Apenas por demencia o inquina
patológica podría negarse la importancia de Boas en la historia de la ciencia
del hombre. Su diplomática pero contundente crítica del evolucionismo unilineal
y del método comparativo permitió que la antropología adoptara una noción a la
que todavía se encuentra aferrada: aquella de la insoslayable particularidad de
las culturas. Ya que la historia de cada sociedad humana es un proceso
contingente e impredecible, es absurdo suponer que todos los pueblos hayan pasado
por unas mismas fases, y es aún más extravagante el dictado evolucionista de
que avanzando por esa fina calzada se llegaría a los mejores logros culturales. Boas advierte que semejante pretensión no es más que una ilusión etnocéntrica: "El progreso sólo puede ser definido en relación al ideal especial que tengamos en cuenta. No existe progreso absoluto".
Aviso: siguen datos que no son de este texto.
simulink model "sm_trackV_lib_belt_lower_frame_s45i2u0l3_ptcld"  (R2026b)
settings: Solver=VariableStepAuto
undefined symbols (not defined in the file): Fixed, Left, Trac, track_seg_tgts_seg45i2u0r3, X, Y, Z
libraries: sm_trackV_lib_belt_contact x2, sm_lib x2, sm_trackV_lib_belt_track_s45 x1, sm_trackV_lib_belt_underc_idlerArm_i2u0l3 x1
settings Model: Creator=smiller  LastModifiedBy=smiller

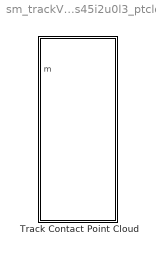
== system sm_trackV_lib_belt_lower_frame_s45i2u0l3_ptcld ==
  Track Contact Point Cloud : Subsystem  VariantControl=BeltPts  mask(Lower Frame Belted Track, Two Idler, Point Cloud){sprk_wid_roll=Trac.Sprocket.Roller.wid, sprk_rad_roll=Trac.Sprocket.Roller.rad, sprk_clr=Trac.Sprocket.Roller.clr, sprk_opc=Trac.Sprocket.Roller.opc, sprk_rad_pitch=Trac.Sprocket.Spoke.pitch_rad, sprk_spoke_rad=Trac.Sprocket.Spoke.rad, sprk_spoke_num=Trac.Sprocket.nSpokes, sprk_spoke_len=Trac.Sprocket.Spoke.len, sprk_rim_spoke_xc=Trac.Sprocket.Rim.spoke_xc, sprk_rim_ir=Trac.Sprocket.Rim.rad_inner, sprk_rim_thk=Trac.Sprocket.Rim.thk, sprk_contgeo_roller_clr=Trac.Sprocket.roller_contact.clr, sprk_contgeo_roller_opc=Trac.Sprocket.roller_contact.opc, sprk_contgeo_spoke_clr=Trac.Sprocket.spoke_contact.clr, sprk_contgeo_spoke_opc=Trac.Sprocket.spoke_contact.opc, idlerR_rad=Trac.IdlerR.rad, idlerF_rad=Trac.IdlerF.rad, idlerR_len=Trac.IdlerR.len, idlerF_len=Trac.IdlerF.len, idlerR_wheel_clr=Trac.IdlerR.Wheel.clr, idlerF_wheel_clr=Trac.IdlerF.Wheel.clr, idlerR_rim_rad=Trac.IdlerR.Rim.rad, idlerF_rim_rad=Trac.IdlerF.Rim.rad, idlerR_rim_hub_rad=Trac.IdlerR.Rim.hub_rad, idlerF_rim_hub_rad=Trac.IdlerF.Rim.hub_rad, idlerR_rim_xc=Trac.IdlerR.Rim.rim_xc, idlerF_rim_xc=Trac.IdlerF.Rim.rim_xc, idlerR_rho=Trac.IdlerR.rho, idlerF_rho=Trac.IdlerF.rho, idlerR_clr=Trac.IdlerR.clr, idlerF_clr=Trac.IdlerF.clr, idlerR_opc=Trac.IdlerR.opc, idlerF_opc=Trac.IdlerF.opc, idlerR_axle_rad=Trac.IdlerR.Axle.rad, idlerF_axle_rad=Trac.IdlerF.Axle.rad, idlerR_axle_len=Trac.IdlerR.Axle.len, idlerF_axle_len=Trac.IdlerF.Axle.len, idlerR_axle_rho=Trac.IdlerR.Axle.rho, idlerF_axle_rho=Trac.IdlerF.Axle.rho, idlerR_axle_clr=Trac.IdlerR.Axle.clr, idlerF_axle_clr=Trac.IdlerF.Axle.clr, idlerR_axle_opc=Trac.IdlerR.Axle.opc, idlerF_axle_opc=Trac.IdlerF.Axle.opc, idlerR_contgeo_clr=Trac.IdlerR.belt_contact.clr, idlerF_contgeo_clr=Trac.IdlerF.belt_contact.clr, idlerR_contgeo_opc=Trac.IdlerR.belt_contact.opc, idlerF_contgeo_opc=Trac.IdlerF.belt_contact.opc, arm_idlerc=Trac.IdlerArm.Pivot_to_Idler, arm_tens_x=Trac.IdlerArm.Pivot_to_TensionerX, arm_tens_y=Trac.IdlerArm.Pivot_to_TensionerY, arm_wid=Trac.IdlerArm.wid, arm_thk=Trac.IdlerArm.thk, arm_rho=Trac.IdlerArm.rho, arm_clr=Trac.IdlerArm.clr, arm_opc=Trac.IdlerArm.opc, roller_lower_rad=Trac.Roller.Lower.rad, roller_lower_len=Trac.Roller.Lower.len, roller_lower_rho=Trac.Roller.Lower.rho, roller_lower_clr=Trac.Roller.Lower.clr, roller_lower_opc=Trac.Roller.Lower.opc, roller_lower_rim_thk=Trac.Roller.Lower.rim_thk, roller_lower_rim_len=Trac.Roller.Lower.rim_len, roller_lower_axle_rad=Trac.Roller.Lower.Axle.rad, roller_lower_axle_len=Trac.Roller.Lower.Axle.len, roller_lower_axle_rho=Trac.Roller.Lower.Axle.rho, roller_lower_axle_clr=Trac.Roller.Lower.Axle.clr, roller_lower_axle_opc=Trac.Roller.Lower.Axle.opc, roller_lower_contgeo_clr=Trac.Roller.Lower.belt_contact.clr, roller_lower_contgeo_opc=Trac.Roller.Lower.belt_contact.opc, tensioner_cyl_len=Trac.IdlerF.Tensioner.cyl.len, tensioner_cyl_rad=Trac.IdlerF.Tensioner.cyl.rad, tensioner_cyl_rho=Trac.IdlerF.Tensioner.cyl.rho, tensioner_cyl_clr=Trac.IdlerF.Tensioner.cyl.clr, tensioner_cyl_opc=Trac.IdlerF.Tensioner.cyl.opc, tensioner_pist_len=Trac.IdlerF.Tensioner.piston.len, tensioner_pist_rad=Trac.IdlerF.Tensioner.piston.rad, tensioner_pist_rho=Trac.IdlerF.Tensioner.piston.rho, tensioner_pist_clr=Trac.IdlerF.Tensioner.piston.clr, tensioner_pist_opc=Trac.IdlerF.Tensioner.piston.opc, tensioner_br_len=Trac.IdlerF.Tensioner.bracket.len, tensioner_br_width=Trac.IdlerF.Tensioner.bracket.wid, tensioner_br_height=Trac.IdlerF.Tensioner.bracket.height, tensioner_br_thk=Trac.IdlerF.Tensioner.bracket.thk, tensioner_br_rho=Trac.IdlerF.Tensioner.bracket.rho, tensioner_br_clr=Trac.IdlerF.Tensioner.bracket.clr, tensioner_br_opc=Trac.IdlerF.Tensioner.bracket.opc, tensioner_eqpos=Trac.IdlerF.Tensioner.xeq, tensioner_x0=Trac.IdlerF.Tensioner.x0, tensioner_k=Trac.IdlerF.Tensioner.K, tensioner_b=Trac.IdlerF.Tensioner.B, popup_leftOrRight=Left, popup_trackFrame=Fixed, roller_lower_x=Trac.Frame.SprkOffLon.Lower, idlerFix_x=Trac.Frame.SprkOffLon.IdlerR, idlerArm_x=Trac.Frame.SprkOffLon.IdlerArm, tensionC_x=Trac.Frame.SprkOffLon.TensionC, frame_pivot_x=Trac.Frame.SprkOffLon.PivotFra, axle_x=Trac.Frame.SprkOffLon.Axle, roller_lower_y=Trac.Frame.SprkOffVer.Lower, idlerFix_y=Trac.Frame.SprkOffVer.IdlerR, tensionC_y=Trac.Frame.SprkOffVer.TensionC, frame_pivot_y=Trac.Frame.SprkOffVer.PivotFra, axle_y=Trac.Frame.SprkOffVer.Axle, idlerArm_y=Trac.Frame.SprkOffVer.IdlerArm, frame_mass=Trac.Frame.TrackFrame.Mass, frame_cg_offset=Trac.Frame.TrackFrame.CG, frame_moi=Trac.Frame.TrackFrame.MOI, frame_poi=Trac.Frame.TrackFrame.POI, frame_roller_cg_offset=Trac.Frame.SprkFrame.CG, frame_roller_mass=Trac.Frame.SprkFrame.Mass, frame_roller_moi=Trac.Frame.SprkFrame.MOI, frame_roller_poi=Trac.Frame.SprkFrame.POI, frame_susp_offset=Trac.Frame.SuspOffset, roller_frame_pivot_range=Trac.Frame.PivotFra.Range, roller_frame_pivot_k=Trac.Frame.PivotFra.LimitK, roller_frame_pivot_b=Trac.Frame.PivotFra.LimitB, roller_frame_pivot_tw=Trac.Frame.PivotFra.LimitTW, carc_len=Trac.Belt.l, carc_wid=Trac.Belt.w, carc_thk=Trac.Belt.pad_h, carc_mass=Trac.Belt.mass, carc_cg=Trac.Belt.cg, carc_moi=Trac.Belt.moi, carc_poi=Trac.Belt.poi, carc_clr=Trac.Belt.clr, carc_opc=Trac.Belt.opc, lug_hei=Trac.Belt.Lug.h, lug_lb=Trac.Belt.Lug.lb, lug_lt=Trac.Belt.Lug.lt, lug_w=Trac.Belt.Lug.w, lug_xc=Trac.Belt.Lug.xc, lug_clr=Trac.Belt.clr, lug_opc=Trac.Belt.opc, jointTargets=track_seg_tgts_seg45i2u0r3, trackDamping=Trac.Belt.damping, lug_line_clr=Trac.Belt.lug_contact.clr, lug_line_opc=Trac.Belt.lug_contact.opc, carc_line_clr=Trac.Belt.carcass_contact.clr, carc_line_opc=Trac.Belt.carcass_contact.opc, ptcld_belt=Trac.Belt.ground_contact.ptcld.pts, ptcld_belt_rad=Trac.Belt.ground_contact.ptcld.rad, ptcld_belt_clr=Trac.Belt.ground_contact.ptcld.clr, ptcld_belt_opc=Trac.Belt.ground_contact.ptcld.opc, K_SprocketLug=Trac.Contact.SprocketLug.K, B_SprocketLug=Trac.Contact.SprocketLug.B, TW_SprocketLug=Trac.Contact.SprocketLug.TW, K_SprocketRoller=Trac.Contact.SprocketRoller.K, B_SprocketRoller=Trac.Contact.SprocketRoller.B, TW_SprocketRoller=Trac.Contact.SprocketRoller.TW, K_IdlerFix=Trac.Contact.IdlerR.K, B_IdlerFix=Trac.Contact.IdlerR.B, TW_IdlerFix=Trac.Contact.IdlerR.TW, K_IdlerArm=Trac.Contact.IdlerF.K, B_IdlerArm=Trac.Contact.IdlerF.B, TW_IdlerArm=Trac.Contact.IdlerF.TW, K_Roller=Trac.Contact.Roller.K, B_Roller=Trac.Contact.Roller.B, TW_Roller=Trac.Contact.Roller.TW, popup_sense_roller=Actuator Torque}
      mask prompts: sprk_wid_roll "Roller Width (m)"; sprk_rad_roll "Rolling Radius (m)"; sprk_clr "Color [R G B] (0-1)"; sprk_opc "Opacity (0-1)"; sprk_rad_pitch "Pitch Radius (m)"; sprk_spoke_rad "Radius (m)"; sprk_spoke_num "Number of Spokes"; sprk_spoke_len "Length (m)"; sprk_rim_spoke_xc "Spoke Cross Section [x y] (m)"; sprk_rim_ir "Inner Radius (m)"; sprk_rim_thk "Thickness (m)"; sprk_contgeo_roller_clr "Roller Color [R G B] (0-1)"; sprk_contgeo_roller_opc "Roller Opacity (0-1)"; sprk_contgeo_spoke_clr "Spoke Color [R G B] (0-1)"; sprk_contgeo_spoke_opc "Spoke Opacity (0-1)"; arm_idlerc "Offset Pivot to Idler Center (m)"; arm_tens_x "Offset Pivot to Tensioner Long. (m)"; arm_tens_y "Offset Pivot to Tensioner Vert. (m)"; arm_wid "Idler Arm Width (m)"; arm_thk "Idler Arm Thickness (m)"; arm_rho "Idler Arm Density"; arm_clr "Idler Arm Color [R G B] (m) (0-1)"; arm_opc "Opacity (0-1)"; roller_lower_rad "Radius (m)"; roller_lower_len "Length (m)"; roller_lower_rho "Density (kg/m^3)"; roller_lower_clr "Color [R G B] (0-1)"; roller_lower_opc "Opacity (0-1)"; roller_lower_rim_thk "Thickness (m)"; roller_lower_rim_len "Length (m)"; roller_lower_axle_rad "Radius (m)"; roller_lower_axle_len "Length (m)"; roller_lower_axle_rho "Density (kg/m^3)"; roller_lower_axle_clr "Color [R G B] (0-1)"; roller_lower_axle_opc "Opacity (0-1)"; roller_lower_contgeo_clr "Color [R G B] (0-1)"; roller_lower_contgeo_opc "Opacity (0-1)"; tensioner_cyl_len "Length (m)"; tensioner_cyl_rad "Radius (m)"; tensioner_cyl_rho "Density (kg/m^3)"; tensioner_cyl_clr "Color [R G B] (0-1)"; tensioner_cyl_opc "Opacity (0-1)"; tensioner_pist_len "Piston Length (m)"; tensioner_pist_rad "Radius (m)"; tensioner_pist_rho "Density (kg/m^3)"; tensioner_pist_clr "Color [R G B] (0-1)"; tensioner_pist_opc "Opacity (0.1)"; tensioner_br_len "Length (m)"; tensioner_br_width "Width (m)"; tensioner_br_height "Height (m)"; tensioner_br_thk "Bracket Thickness (m)"; tensioner_br_rho "Density (kg/m^3)"; tensioner_br_clr "Color [R G B] (0-1)"; tensioner_br_opc "Opacity (0.1)"; tensioner_eqpos "Equilibrium Position (m)"; tensioner_x0 "Assembly Position (m)"; tensioner_k "Stiffness Coefficient (N/m)"; tensioner_b "Damping Coefficient (N/(m/s))"; popup_leftOrRight "Left or Right"; popup_trackFrame "Track Frame"; roller_lower_x "Lower Rollers (vector) (m)"; idlerFix_x "Idler Wheel Fixed (m)"; idlerArm_x "Idler Arm (m)"; tensionC_x "Tensioner Cylinder (m)"; frame_pivot_x "Frame Pivot (m)"; axle_x "Axle (m)"; roller_lower_y "Lower Rollers (m)"; idlerFix_y "Idler Wheel Fixed (m)"; tensionC_y "Tensioner Cylinder (m)"; frame_pivot_y "Frame Pivot (m)"; axle_y "Axle (m)"; idlerArm_y "Idler Arm (m)"; frame_mass "Mass (kg)"; frame_cg_offset "CG Offset from Sprocket [x y z] (m)"; frame_moi "Moments of Inertia [Ixx Iyy Izz] (kg*m^2)"; frame_poi "Products of Inertia [Ixx Iyy Izz] (kg*m^2)"; frame_roller_cg_offset "CG Offset from Sprocket [x y z] (m)"; frame_roller_mass "Mass (kg)"; frame_roller_moi "Moments of Inertia [Ixx Iyy Izz] (kg*m^2)"; frame_roller_poi "Products of Inertia [Ixx Iyy Izz] (kg*m^2)"; frame_susp_offset "Suspension Offset from Sprocket [x y z] (m)"; roller_frame_pivot_range "Range (deg)"; roller_frame_pivot_k "Stop stiffness (N*m/deg)"; roller_frame_pivot_b "Stop damping (N*m/(deg*sec)"; roller_frame_pivot_tw "Stop transition width (deg)"; carc_len "Length (m)"; carc_wid "Width (m)"; carc_thk "Thickness (m)"; carc_mass "Mass (kg)"; carc_cg "CG [x y z] (kg)"; carc_moi "Moments of Inertia [Ixx Iyy Izz] (kg*m^2)"; carc_poi "Products of Inertia [Iyz Ixz Ixy] (kg*m^2)"; carc_clr "Color [R G B]"; carc_opc "Opacity (0-1)"; lug_hei "Height (m)"; lug_lb "Length Base (m)"; lug_lt "Length Tip (m)"; lug_w "Width (m)"; lug_xc "Profile [x y] (m)"; lug_clr "Color [R G B]"; lug_opc "Opacity (0-1)"; jointTargets "Joint Targets (structure)"; trackDamping "Joint Damping N*m/(deg/s)"; lug_line_clr "Color [R G B] (0-1)"; lug_line_opc "Opacity (0-1)"; carc_line_clr "Color [R G B] (0-1)"; carc_line_opc "Opacity (0-1)"; ptcld_belt "Points [x y z] (m)"; ptcld_belt_rad "Radius (m)"; ptcld_belt_clr "Color [R G B] (0-1)"; ptcld_belt_opc "Opacity (0-1)"; K_SprocketLug "Normal Stiffness (N/m)"; B_SprocketLug "Normal Damping (N/(m/s))"; TW_SprocketLug "Normal Transition Width (m)"; K_SprocketRoller "Normal Stiffness (N/m)"; B_SprocketRoller "Normal Damping (N/(m/s))"; TW_SprocketRoller "Normal Transition Width (m)"; K_IdlerFix "Normal Stiffness (N/m)"; B_IdlerFix "Normal Damping (N/(m/s))"; TW_IdlerFix "Normal Transition Width (m)"; K_IdlerArm "Normal Stiffness (N/m)"; B_IdlerArm "Normal Damping (N/(m/s))"; TW_IdlerArm "Normal Transition Width (m)"; K_Roller "Normal Stiffness (N/m)"; B_Roller "Normal Damping (N/(m/s))"; TW_Roller "Normal Transition Width (m)"; popup_sense_roller "Roller"
      mask help: Models a segmented belt with undercarriage. Contact geometry (point cloud) in belt segment enables contact with the ground. Includes sprocket, rollers, and idler with tensioner. The sprocket has a 1D rotational mechanical interface to the drivetrain.
      settings: AttributesFormatString=|
      | %<popup_leftOrRight>
      | %<popup_sense_roller>
      | %<popup_trackFrame>
      mask TypeOptions sprk_wid_roll: Undercarriage/sprk_wid_roll
      mask TypeOptions sprk_rad_roll: Undercarriage/sprk_rad_roll
      mask TypeOptions sprk_clr: Undercarriage/sprk_clr
      mask TypeOptions sprk_opc: Undercarriage/sprk_opc
      mask TypeOptions sprk_rad_pitch: Undercarriage/sprk_rad_pitch
      mask TypeOptions sprk_spoke_rad: Undercarriage/sprk_spoke_rad
      mask TypeOptions sprk_spoke_num: Undercarriage/sprk_spoke_num
      mask TypeOptions sprk_spoke_len: Undercarriage/sprk_spoke_len
      mask TypeOptions sprk_rim_spoke_xc: Undercarriage/sprk_rim_spoke_xc
      mask TypeOptions sprk_rim_ir: Undercarriage/sprk_rim_ir
      mask TypeOptions sprk_rim_thk: Undercarriage/sprk_rim_thk
      mask TypeOptions sprk_contgeo_roller_clr: Undercarriage/sprk_contgeo_roller_clr
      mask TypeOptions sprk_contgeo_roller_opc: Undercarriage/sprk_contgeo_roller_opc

A pesar del mucho sentido común
que llena las reflexiones del antropólogo germano —un sentido común que,
incluso, casi lo eximía de buscar pruebas fuera de su gabinete—, él debe buena
parte de su fama a su infatigable actividad en campo. No gratuitamente se le
considera el fundador de la práctica etnográfica sistemática, además de que se
le tiene como el que, entre sus colegas, borroneó más descripciones sobre los
sucesos y cosas de la cultura. De hecho, no son pocos los reparos de críticos y
biógrafos a propósito de las gruesas teorías que Boas nunca formuló por concentrarse
en ese ejercicio infinito de la descripción. Incluso sus propios discípulos llegaron a referirse, en broma, a los miles de folios con recetas de
cocina indígena recogidas por su maestro a lo largo de casi medio siglo; uno de ellos dijo:
“Cuando Franz Boas publicaba página tras página de recetas de mermelada de
moras en kwakiutl, probablemente sabía lo que se proponía”. Mucho más cáustica,
Ruth Benedict, uno de los más fieles perros falderos del alemán, escribió: “Con
el programa boasiano, la etnografía se consagró a recoger sistemáticamente los
hechos que no hacían falta”.
No cabe duda de que la broma más
cruel que se le ha gastado a este descreído de las regularidades de la
evolución cultural está relacionada precisamente con su muerte. En alguna
gacetilla virtual —a su vez, eco de sabe Dios qué biografía amateur y
folletinesca— se lee que Boas murió de repente, una vez que, a la cabecera de
la mesa en que se celebraba el mencionado banquete, anunció que “tenía una
nueva teoría sobre la cultura”. Obviamente se trata de una versión académica de
la vieja leyenda del caminante que muere a un centímetro de la meta: Boas,
reacio a la teorización, habría muerto justo cuando acababa de ocurrírsele un modelo
explicativo novedoso. La verdadera historia, aunque igual de trágica, es mucho
menos chocarrera y bastante más sublime.
El etnólogo francés Paul Rivet,
exiliado en América a causa de la Segunda Guerra Mundial, pasó por Nueva York
en momentos en que, de salida de Colombia, preparaba su radicación en México.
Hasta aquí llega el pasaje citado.